Along with the relocation, a number of programming changes also occurred during this time period. One significant change was the end of The Live Session, a weekly acoustic broadcast that had featured and given exposure to a large quantity of local and little-known bands during NE1fm's time on-air; The Live Sessions departure, however, was intended to be brief, with the station advertising for a replacement presenter for the show. A new live music show, Hit the North (East), debuted in late 2010. The station also began to focus areas of its programming toward younger people, with a larger amount of new music played during the day and coverage of popular events including Evolution Festival.

=== 2011–2012: Recent developments, downtime and return to FM ===

The station Logo launched in August 2012 and used until June 2017

The first months of 2011 included the announcement that the station's soul programming, featured prominently on Sundays since launch, would be discontinued. Soul music has since returned in a smaller capacity. Programming of significance early in the year included special programmes covering Gateshead F.C.'s run in the 2011 FA Trophy, the launch of the community-focused broadcast No Excuse, and the re-branding of the weekend breakfast shows to include live music, including a variety from the 2011 Evolution Emerging line-up.

The digital presence of the station was overhauled during Spring of 2011, including visibly heightened usage of their Facebook and Twitter accounts and the launch of a new website. A second edition of the new website appeared in February 2012, including the introduction of show blogs and a section promoting music from local artists.

On 27 September 2011, station volunteers Rob Davies and Gary Barnes launched a locally high-profile attempt to break the current world record for the longest team radio broadcast, previously held by Chris Moyles of BBC Radio 1, for the benefit of two local charities. Their attempt finished at midday on Friday 30 September, lasting a total of 76 hours, exceeding the previous record.

In early 2012, the radio station added ethnic programming to the broadcast schedule for the first time in several years, offering representation to the Chinese, Polish and Persian-speaking Iranian communities of Newcastle upon Tyne and Gateshead. A Spanish language broadcast was added at a later date

In February 2012, the station announced the award of a five-year extension to its community radio licence, taking the project through until June 2017. However, in April 2012, the station ceased FM broadcasts due to an issue with the location of the station's transmitter requiring a full move of broadcast equipment. Although the station declared on its website that operations were continuing as normal online during this downtime, the station was cited as in breach of its broadcast licence by Ofcom in June 2012. NE1fm successfully returned to 102.5 FM on 7 August 2012.
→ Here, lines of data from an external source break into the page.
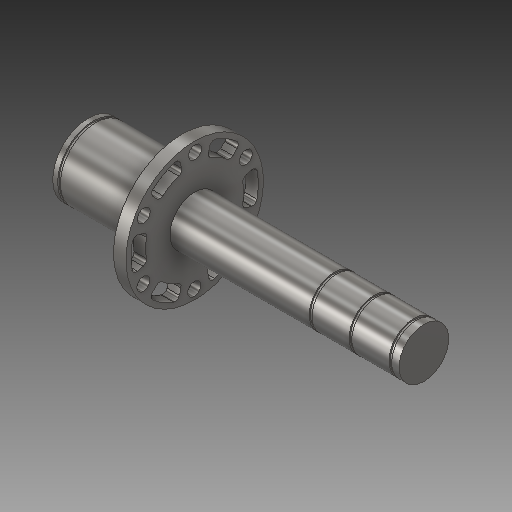
# Autodesk Inventor part: Center Axle
Saved by Autodesk Inventor 2019.4 (Build 234330000, 330)
## iProperties
Created: 2019-12-14
Part Number: Center Axle
Material: Steel, Mild
Document SubType Name: Modeling
Designer: admin
Density: 7.85 g/cm^3
Appearance: Semi-Polished
Author: admin
Autodesk Inventor part; units mm, degrees
ref_plane "YZ Plane" through (0, 0, 0) normal (1, 0, 0) x (0, 1, 0)
ref_plane "XZ Plane" through (0, 0, 0) normal (0, 1, 0) x (-1, 0, 0)
ref_plane "XY Plane" through (0, 0, 0) normal (0, 0, 1) x (1, 0, 0)
sketch "Sketch1" plane through (0, 0, 0) normal (0, 0, 1) x (1, 0, 0)
  line L0 (0, 0) -> (0, 14.3)
  line L1 (115.352, 10) -> (115.352, 9.5)
  line L2 (115.352, 9.5) -> (116.452, 9.5)
  line L3 (116.452, 9.5) -> (116.452, 10)
  line L4 (116.452, 10) -> (131.452, 10)
  line L5 (131.452, 10) -> (131.452, 9.5)
  line L6 (131.452, 9.5) -> (132.552, 9.5)
  line L7 (132.552, 9.5) -> (132.552, 10)
  line L8 (132.552, 10) -> (135.552, 10)
  line L9 (135.552, 10) -> (135.552, 0)
  line L10 (135.552, 0) -> (0, 0)
  line L11 (43, 10) -> (43, 27.75)
  line L12 (43, 27.75) -> (38, 27.75)
  line L13 (0, 14.3) -> (2, 14.3)
  line L14 (2, 14.3) -> (2, 13.8)
  line L15 (2, 13.8) -> (3.1, 13.8)
  line L16 (3.1, 13.8) -> (3.1, 14.3)
  line L17 (3.1, 14.3) -> (38, 14.3)
  line L18 (38, 14.3) -> (38, 27.75)
  line L19 (115.352, 10) -> (100.352, 10)
  line L20 (100.352, 10) -> (100.352, 9.5)
  line L21 (100.352, 9.5) -> (99.252, 9.5)
  line L22 (99.252, 9.5) -> (99.252, 10)
  line L23 (99.252, 10) -> (43, 10)
  dimension "d3" = 1.1
  dimension "d5" = 1.1
  dimension "d6" = 10
  dimension "d8" = 5
  dimension "d9" = 72.352
  dimension "d10" = 27.75
  dimension "d12" = 3
  dimension "d15" = 1.1
  dimension "d16" = 0.5
  dimension "d17" = 2
  dimension "d18" = 34.9
  dimension "d19" = 14.3
  dimension "d20" = 0.5
  dimension "d21" = 0.5
  dimension "d22" = 0.5
  dimension "d23" = 15
  dimension "d39" = 1.1
  dimension "d40" = 0.5
  dimension "d41" = 15
  constraints: 48 end point, 14 perpendicular, 7 point on line, 3 horizontal, 1 vertical
  measures "d3" distance of L1.end L2.end
  measures "d5" distance of L5.end L6.end
  measures "d6" distance between parallel lines of L10 L4
  measures "d8" distance of L11.end L12.end
  measures "d9" distance between parallel lines of L1 L11
  measures "d10" distance between parallel lines of L10 L12
  measures "d12" distance of L7.end L8.end
  measures "d15" distance of L14.end L15.end
  measures "d16" distance of L13.end L14.end
  measures "d17" distance of L0.end L13.end
  measures "d18" distance between parallel lines of L18 L16
  measures "d19" distance between parallel lines of L10 L17
  measures "d20" distance of L1.start L1.end
  measures "d21" distance of L4.end L5.end
  measures "d22" distance of L2.end L3.end
  measures "d23" distance of L3.end L4.end
  measures "d39" distance of L20.end L21.end
  measures "d40" distance of L21.end L22.end
  measures "d41" distance of L1.start L19.end
revolve "Revolution1" add sketch "Sketch1" angle 360 about axis through (135.552, 0, 0) along (-1, 0, 0)
sketch "Sketch2" plane through (43, 0, 0) normal (1, 0, 0) x (0, 0, -1)
  arc A0 (19.9153, -3.9332) -> (19.9669, 3.6623) centre (0, 0) ccw projected
  arc A1 (20.9085, 5.1405) -> (19.9669, 3.6623) centre (21.2333, 3.8946) ccw projected
  line L0 (20.9085, 5.1405) -> (23.1638, 5.7284) projected
  arc A2 (24.7533, 4.7239) -> (23.1638, 5.7284) centre (23.4886, 4.4826) ccw projected
  arc A3 (24.6868, -5.0596) -> (24.7533, 4.7239) centre (0, 0) ccw projected
  arc A4 (23.0839, -6.0425) -> (24.6868, -5.0596) centre (23.4256, -4.8011) ccw projected
  line L1 (23.0839, -6.0425) -> (20.8368, -5.424) construction
  arc A5 (19.9153, -3.9332) -> (20.8368, -5.424) centre (21.1784, -4.1826) ccw projected
  circle A6 centre (20.5409, -12.046) radius 2.1526 construction
  arc A7 (25.2444, 4.8176) -> (23.0377, 6.2122) centre (23.4886, 4.4826) ccw
  line L2 (23.0377, 6.2122) -> (20.7824, 5.6243)
  arc A8 (20.7824, 5.6243) -> (19.4751, 3.5721) centre (21.2333, 3.8946) ccw
  arc A9 (19.4248, -3.8363) -> (19.4751, 3.5721) centre (0, 0) ccw
  arc A10 (19.4248, -3.8363) -> (20.7041, -5.906) centre (21.1784, -4.1826) ccw
  line L3 (20.7041, -5.906) -> (22.9512, -6.5245)
  arc A11 (22.9512, -6.5245) -> (25.1767, -5.16) centre (23.4256, -4.8011) ccw
  arc A12 (25.1767, -5.16) -> (25.2444, 4.8176) centre (0, 0) ccw
  circle A13 centre (20.5409, -12.046) radius 2.6526
  arc A14 (17.126, 16.6141) -> (17.057, 19.2236) centre (15.8707, 17.8866) ccw
  line L4 (15.4668, 14.9772) -> (17.126, 16.6141)
  arc A15 (13.0347, 14.9042) -> (15.4668, 14.9772) centre (14.2115, 16.2497) ccw
  arc A16 (13.0347, 14.9042) -> (6.644, 18.652) centre (0, 0) ccw
  arc A17 (5.5204, 20.8102) -> (6.644, 18.652) centre (7.2438, 20.3359) ccw
  line L5 (6.1389, 23.0574) -> (5.5204, 20.8102)
  arc A18 (8.45, 24.2711) -> (6.1389, 23.0574) centre (7.8623, 22.583) ccw
  arc A19 (17.057, 19.2236) -> (8.45, 24.2711) centre (0, 0) ccw
  circle A20 centre (20.7026, 11.7659) radius 2.6526
  arc A21 (-5.8252, 23.1386) -> (-8.1196, 24.3836) centre (-7.5549, 22.6877) ccw
  line L6 (-5.2373, 20.8833) -> (-5.8252, 23.1386)
  arc A22 (-6.3901, 18.7405) -> (-5.2373, 20.8833) centre (-6.967, 20.4324) ccw
  arc A23 (-6.3901, 18.7405) -> (-12.8311, 15.0799) centre (0, 0) ccw
  arc A24 (-15.262, 15.1859) -> (-12.8311, 15.0799) centre (-13.9895, 16.4412) ccw
  line L7 (-16.8988, 16.8451) -> (-15.262, 15.1859)
  arc A25 (-16.7944, 19.4535) -> (-16.8988, 16.8451) centre (-15.6263, 18.1004) ccw
  arc A26 (-8.1196, 24.3836) -> (-16.7944, 19.4535) centre (0, 0) ccw
  circle A27 centre (0.1617, 23.812) radius 2.6526
  arc A28 (-22.9512, 6.5245) -> (-25.1767, 5.16) centre (-23.4256, 4.8011) ccw
  line L8 (-20.7041, 5.906) -> (-22.9512, 6.5245)
  arc A29 (-19.4248, 3.8363) -> (-20.7041, 5.906) centre (-21.1784, 4.1826) ccw
  arc A30 (-19.4248, 3.8363) -> (-19.4751, -3.5721) centre (0, 0) ccw
  arc A31 (-20.7824, -5.6243) -> (-19.4751, -3.5721) centre (-21.2333, -3.8946) ccw
  line L9 (-23.0377, -6.2122) -> (-20.7824, -5.6243)
  arc A32 (-25.2444, -4.8176) -> (-23.0377, -6.2122) centre (-23.4886, -4.4826) ccw
  arc A33 (-25.1767, 5.16) -> (-25.2444, -4.8176) centre (0, 0) ccw
  circle A34 centre (-20.5409, 12.046) radius 2.6526
  arc A35 (-17.126, -16.6141) -> (-17.057, -19.2236) centre (-15.8707, -17.8866) ccw
  line L10 (-15.4668, -14.9772) -> (-17.126, -16.6141)
  arc A36 (-13.0347, -14.9042) -> (-15.4668, -14.9772) centre (-14.2115, -16.2497) ccw
  arc A37 (-13.0347, -14.9042) -> (-6.644, -18.652) centre (0, 0) ccw
  arc A38 (-5.5204, -20.8102) -> (-6.644, -18.652) centre (-7.2438, -20.3359) ccw
  line L11 (-6.1389, -23.0574) -> (-5.5204, -20.8102)
  arc A39 (-8.45, -24.2711) -> (-6.1389, -23.0574) centre (-7.8623, -22.583) ccw
  arc A40 (-17.057, -19.2236) -> (-8.45, -24.2711) centre (0, 0) ccw
  circle A41 centre (-20.7026, -11.7659) radius 2.6526
  arc A42 (5.8252, -23.1386) -> (8.1196, -24.3836) centre (7.5549, -22.6877) ccw
  line L12 (5.2373, -20.8833) -> (5.8252, -23.1386)
  arc A43 (6.3901, -18.7405) -> (5.2373, -20.8833) centre (6.967, -20.4324) ccw
  arc A44 (6.3901, -18.7405) -> (12.8311, -15.0799) centre (0, 0) ccw
  arc A45 (15.262, -15.1859) -> (12.8311, -15.0799) centre (13.9895, -16.4412) ccw
  line L13 (16.8988, -16.8451) -> (15.262, -15.1859)
  arc A46 (16.7944, -19.4535) -> (16.8988, -16.8451) centre (15.6263, -18.1004) ccw
  arc A47 (8.1196, -24.3836) -> (16.7944, -19.4535) centre (0, 0) ccw
  circle A48 centre (-0.1617, -23.812) radius 2.6526
  point P0 (0, 0)
  dimension "d24" = 0.5
  dimension "d25" = 0.5
  dimension "d28" = 360
  constraints: 72 point on circle, 42 centre point, 24 end point, 152 other
  measures "d24" radial gap between concentric circles of A3 A12
  measures "d25" radial gap between concentric circles of A6 A13
extrude "Extrusion1" cut sketch "Sketch2" against normal through all
sketch "Sketch3" plane through (0, 0, 0) normal (-1, 0, 0) x (0, 0, 1)
  circle A0 centre (0, 0) radius 14.3 projected
  point P0 (0, 0)
  point P1 (0, 0)
  constraints: 1 coincident
hole "Hole1" at (0, 0, 0) direction (1, 0, 0) diameter 15 depth 38
body "Solid1"

=== 2014–2019: Relocation to Westgate College and Tenth Birthday ===

Logo launched in June 2017 to celebrate the tenth birthday.

In October 2014, the station relocated from Virginia House to Westgate Community College, on the West side of Newcastle upon Tyne.

In June 2017, the station celebrated their 10th Birthday with a series of special broadcasts and the release of a new logo, shown below.

In February 2019, the radio station was taken over by a new Director for CBIT, planning to relocate, create a new management team along with a new programming schedule to enable the station to be self-sustaining. In February 2019, the station received a brand new logo, along with a brand new website.

This logo was used for only a short amount of time, from February to June 2019.

=== As Nova Radio North East ===

==== 2019–present ====

Unfortunately, the previous management takeover of NE1fm fell through, and was passed on once again. This time, the new management consisted of a team who already ran an online community station in the area, 'Nova Radio North East'.

In June 2019, these two stations were merged into one, forming the new 'Nova Radio North East 102.5FM'.

In 2022 the station was successfully awarded a five-year extension to its licence. The FM licence was later revoked, meaning the station now only broadcasts online.